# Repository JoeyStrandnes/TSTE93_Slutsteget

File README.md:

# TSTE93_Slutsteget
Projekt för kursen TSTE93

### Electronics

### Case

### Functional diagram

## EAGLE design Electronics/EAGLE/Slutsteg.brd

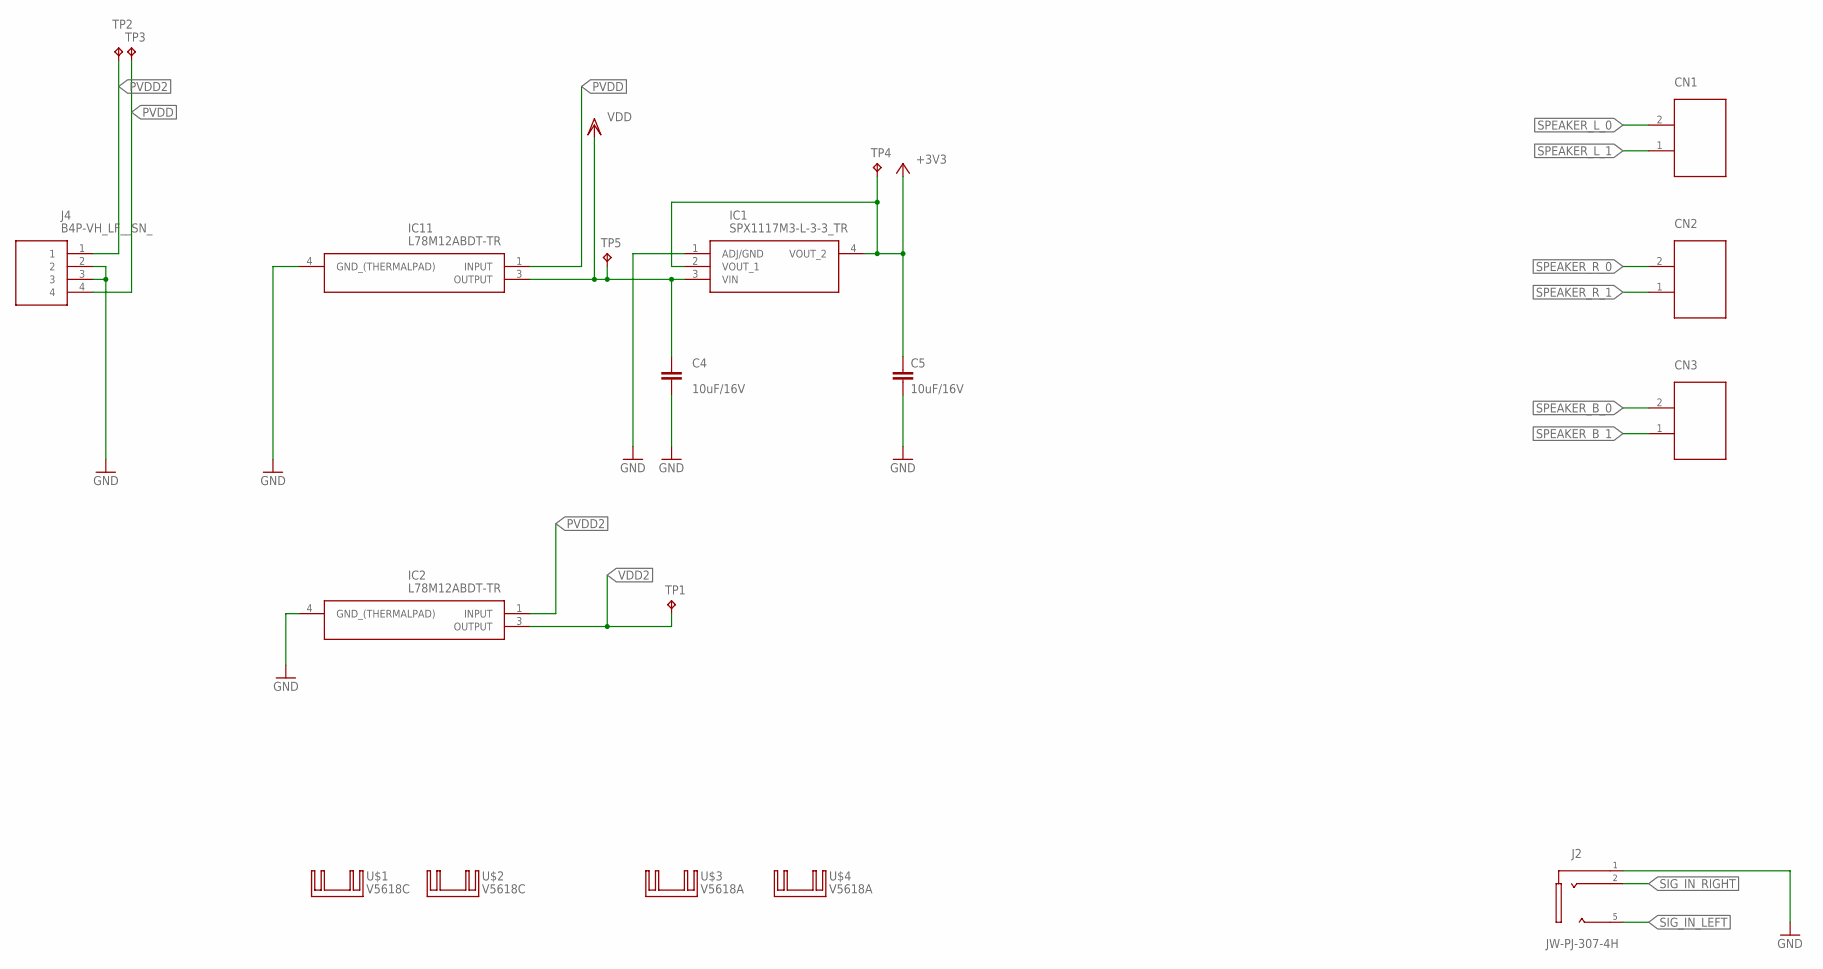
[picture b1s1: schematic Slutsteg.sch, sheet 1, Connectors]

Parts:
C4, C5: 10uF/16V; C0805
CN1, CN2, CN3: OSTYK33102030-2; OSTYK33108030-2
IC1: SPX1117M3-L-3-3_TR; SOT230P700X180-4N
IC2, IC11: L78M12ABDT-TR; TO228P972X240-3N
J2: JW-PJ-307-4H
J4: B4P-VH_LF__SN_; SHDR4W114P0X396_1X4_1578X850X9
TP1: TPB2,54; B2,54
TP2, TP3, TP4, TP5: TPB1,27; B1,27
U$1, U$2: V5618C
U$3, U$4: V5618A

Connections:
+3V3: C5.1, IC1.2 (VOUT_1), IC1.4 (VOUT_2), TP4.TP; also elsewhere on the board
GND: C4.2, C5.2, IC1.1 (ADJ/GND), IC2.4 (GND_(THERMALPAD)), IC11.4 (GND_(THERMALPAD)), J2.1, J4.2, J4.3; also elsewhere on the board
PVDD: IC11.1 (INPUT), J4.4, TP3.TP; also elsewhere on the board
PVDD2: IC2.1 (INPUT), J4.1, TP2.TP; also elsewhere on the board
SIG_IN_LEFT: J2.5; also elsewhere on the board
SIG_IN_RIGHT: J2.2; also elsewhere on the board
SPEAKER_B_0: CN3.2; also elsewhere on the board
SPEAKER_B_1: CN3.1; also elsewhere on the board
SPEAKER_L_0: CN1.2; also elsewhere on the board
SPEAKER_L_1: CN1.1; also elsewhere on the board
SPEAKER_R_0: CN2.2; also elsewhere on the board
SPEAKER_R_1: CN2.1; also elsewhere on the board
VDD: C4.1, IC1.3 (VIN), IC11.3 (OUTPUT), TP5.TP; also elsewhere on the board
VDD2: IC2.3 (OUTPUT), TP1.TP; also elsewhere on the board

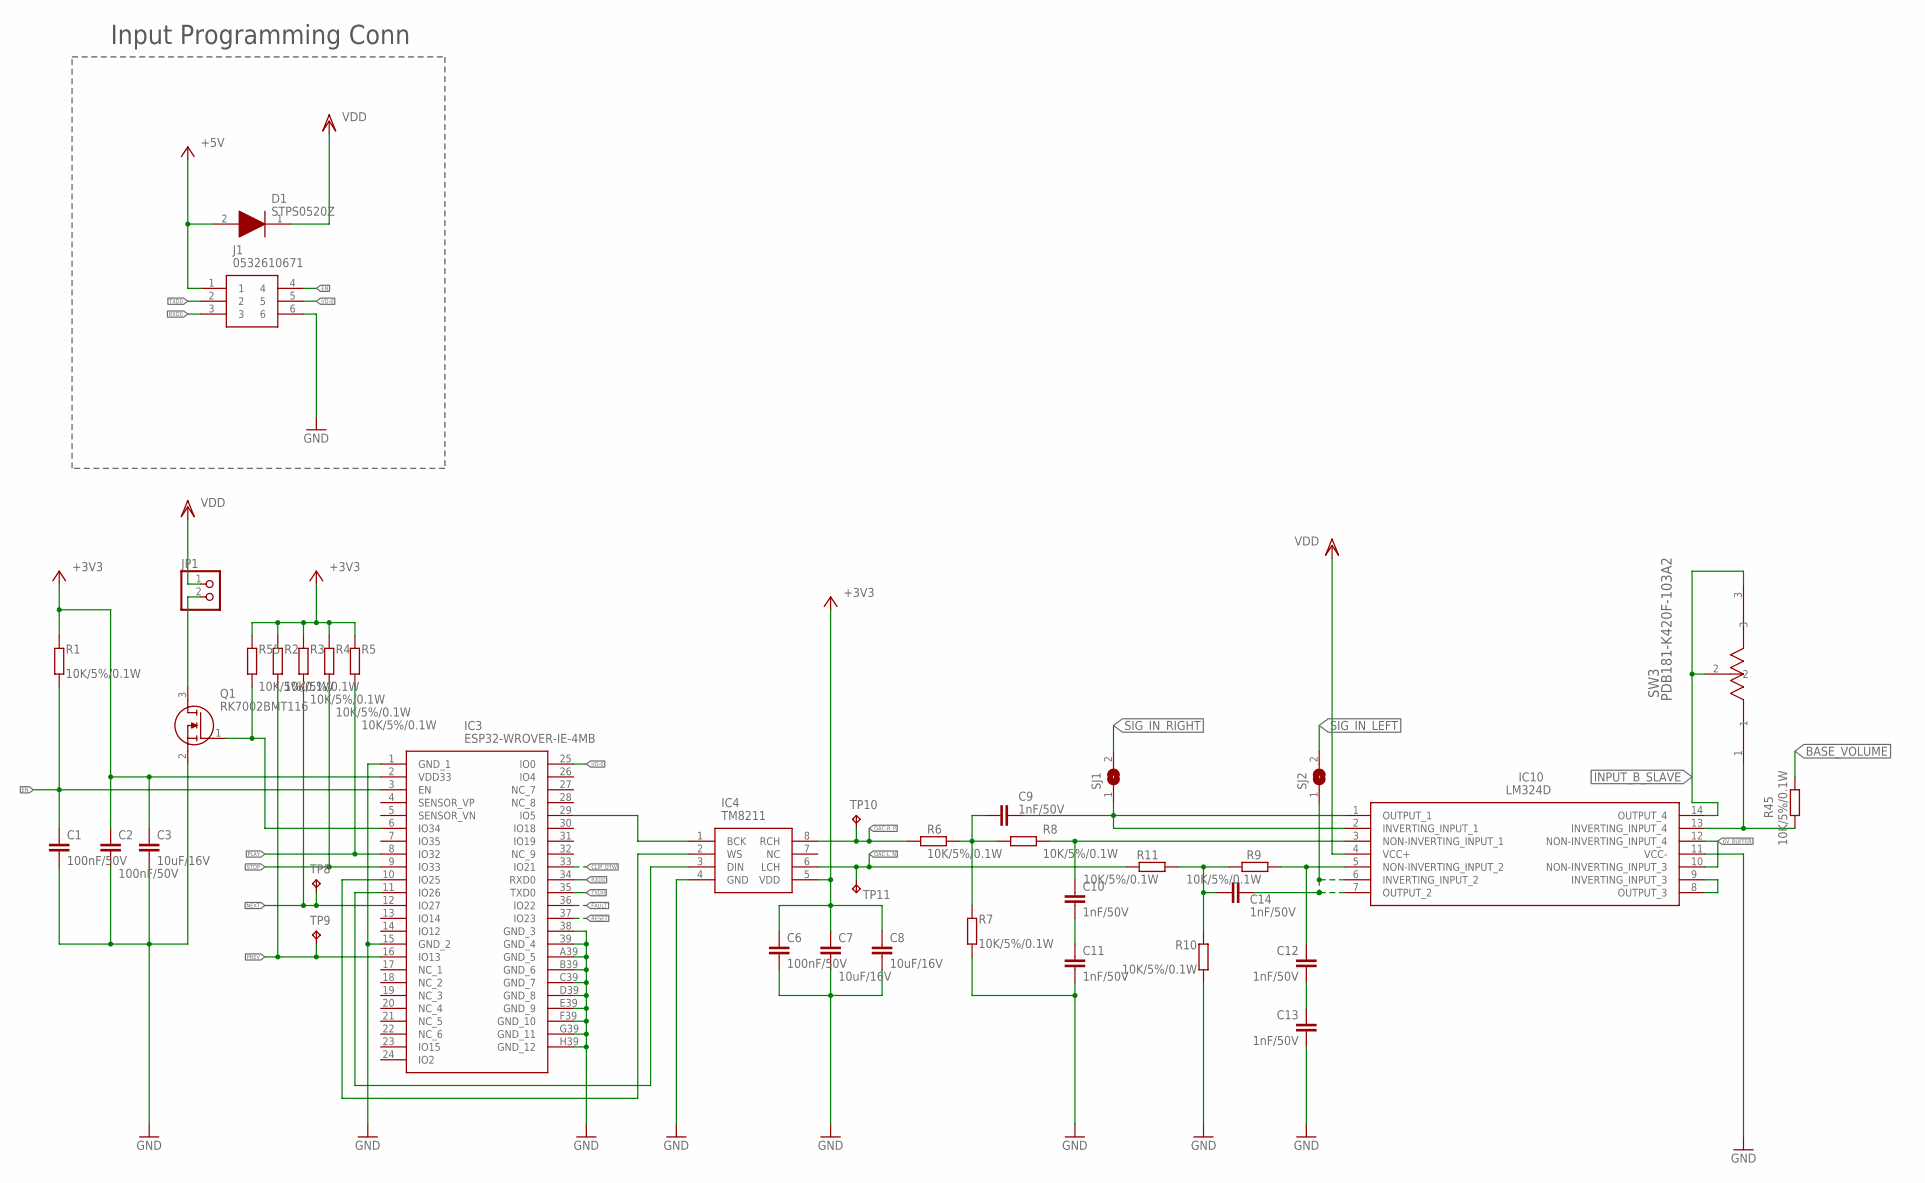
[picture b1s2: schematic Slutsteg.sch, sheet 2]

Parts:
C1, C2, C6: 100nF/50V; C0603
C3, C7, C8: 10uF/16V; C0805
C9, C10, C11, C12, C13, C14: 1nF/50V; C0603
D1: STPS0520Z; SOD3816X145N
IC3: ESP32-WROVER-IE-4MB; ESP32WROVERE8MB
IC4: TM8211; SOIC127P600X196-8N
IC10: LM324D; SOIC127P600X175-14N
J1: 0532610671
JP1: PINHD-1X2; 1X02
Q1: RK7002BMT116; BSS64AHZGT116
R1, R2, R3, R4, R5, R6, R7, R8, R9, R10, R11, R45, R55: 10K/5%/0.1W; R0603
SJ1, SJ2: SJ
SW3: PDB181-K420F-103A2; SW_420F-103A2_BRN
TP8, TP9, TP10, TP11: TPB1,27; B1,27

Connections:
6V_BUFFER: IC10.10 (NON-INVERTING_INPUT_3), IC10.12 (NON-INVERTING_INPUT_4); also elsewhere on the board
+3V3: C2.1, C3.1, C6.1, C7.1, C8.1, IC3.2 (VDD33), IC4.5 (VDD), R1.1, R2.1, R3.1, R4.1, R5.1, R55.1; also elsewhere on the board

+ + + + +

PROBLEM STATEMENT:
Among the records, find the lines that contain "schematic" and copy each of them.

RESPONSE:
[picture b1s1: schematic Slutsteg.sch, sheet 1, Connectors]
[picture b1s2: schematic Slutsteg.sch, sheet 2]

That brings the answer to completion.